Buster Moon (Matthew McConaughey) is an old school showman on hard times. His once popular theater is threatened with foreclosure and the cagey koala comes up with a plan to save his beloved music palace. He scrapes together everything he has ($1000) and puts out flyers for open auditions. But, a typo ($1000 became $100000) draws not just a few, but thousands, who want to “Sing.”
Robin's Review: C+
Directed by first-time Christophe Lourdelet and Garth Jennings (who made the marvelously quirky “Son of Rambow (2007)), this is an old-fashioned, let’s-get-everyone-together-and-put-on-a-show!, Mickey Rooney/Judy Garland-style animated musical populated with all manner of colorful and wacky creatures who all have one thing in common – love of song. And, there are many songs by the talented cast who give voice to the animated menagerie.

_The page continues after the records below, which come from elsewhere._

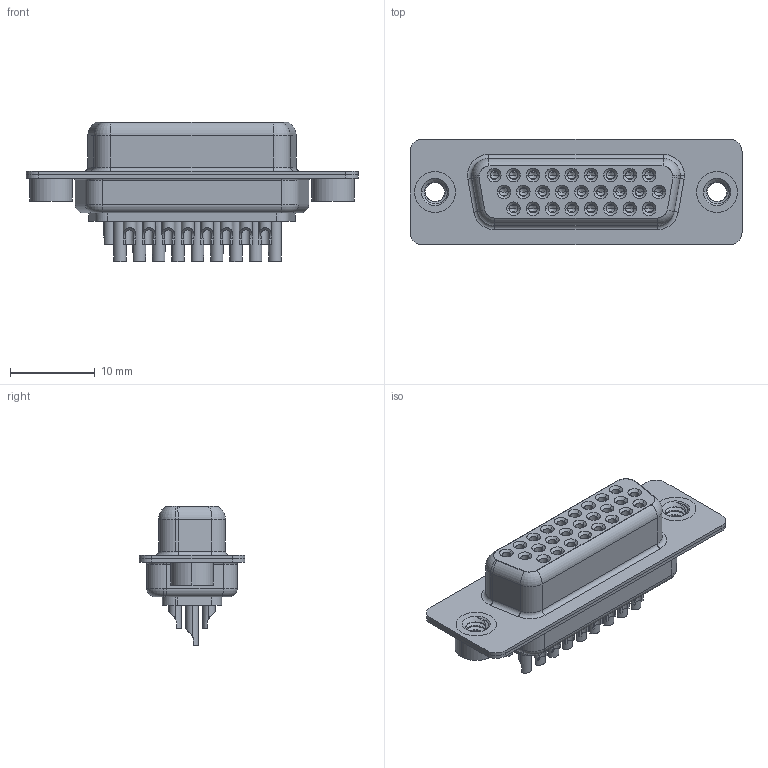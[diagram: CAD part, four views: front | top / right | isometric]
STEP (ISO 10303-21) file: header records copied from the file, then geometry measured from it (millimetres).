
FILE_DESCRIPTION (( 'STEP AP203' ), '1' );
FILE_NAME ('638-M26-332-BN2.STEP', '2022-07-05T19:32:56', ( '' ), ( '' ), 'SwSTEP 2.0', 'SolidWorks 2020', '' );
FILE_SCHEMA (( 'CONFIG_CONTROL_DESIGN' ));
Length unit declared in the file: millimetre
Products named in the file (8): 638M Shell Rear_26 Contacts; 638M Housing_26 Contacts; 638M Contact Row 1_32; 638M Contact Row 3_32; 638-M26-332-BN2; 638M 4-40 Threaded Rivet; 638M Shell Front_26 Contacts; 638M Contact Row 2_32
Assembly tree (31 placements, depth 2):
  638-M26-332-BN2
    638M Housing_26 Contacts
    638M Shell Front_26 Contacts
    638M Shell Rear_26 Contacts
    638M Contact Row 1_32  x9
    638M Contact Row 2_32  x9
    638M Contact Row 3_32  x8
    638M 4-40 Threaded Rivet  x2
Bounding box: 39.2 x 12.5 x 16.45 mm (x, y, z)
Volume: 2392.2 mm3; surface area: 8045.8 mm2
Topology: 31 solids, 31 shells, 1709 faces, 4221 edges, 2611 vertices
Faces by surface type: cylinder 683, plane 509, torus 265, cone 246, bspline 6
Entity records: 23660 total; most frequent: CARTESIAN_POINT 5266, DIRECTION 3880, ORIENTED_EDGE 3288, EDGE_CURVE 1644, AXIS2_PLACEMENT_3D 1626, VERTEX_POINT 1041, CIRCLE 885, EDGE_LOOP 869

The koala is stunned by the mistake made by his crotchety iguana secretary, Miss Crawley (Garth Jennings) but decides to go with the flow and hold the auditions for the gathering throng of contenders for the prize. Buster neglects to tell anyone that there is not any $100K. Following is the expected montage of the variety of contenders, including a farting Ox and a quintet of diminutive, giggling Japanese foxes. Among the contestants, and soon to be the finalists, are the son of gorilla gangster, Johnny (Taron Egerton), the insecure mother of 25 little piggies, Rosita (Reese Witherspoon), an irreverent saxophone-playing mouse named Mike (Seth MacFarlane), a stage-frightened elephant named Meena (Tori Kelly) and a sassy punker porcupine, Ash (Scarlett Johanson) - each one colorful and, mostly, cuddly (not prickly Ash, though). The music, while staged for the visual entertainment of the younger audience members, are a cornucopia of classic songs like “Baker Street,” “Take Five,” “I’m Your Venus,” the Beatles “Get Back Home” and the late Leonard Cohen’s “Hallelujah’ – all right up my alley – plus, many original songs. I am no fan of musicals – I am probably one of the few people on the face of the earth who did not succumb to the charms of “Froze” - but the old-fashioned feel good story by Garth Jennings makes “Sing” a likable addition to this year’s animated features. I give it a B. Laura: "Sing" has a few cute moments involving a snail and a Japanese girl group. Unfortunately these characters disappear early. The film should entertain children, but adults may have deja vu - haven't "The Muppets" already covered this terrain?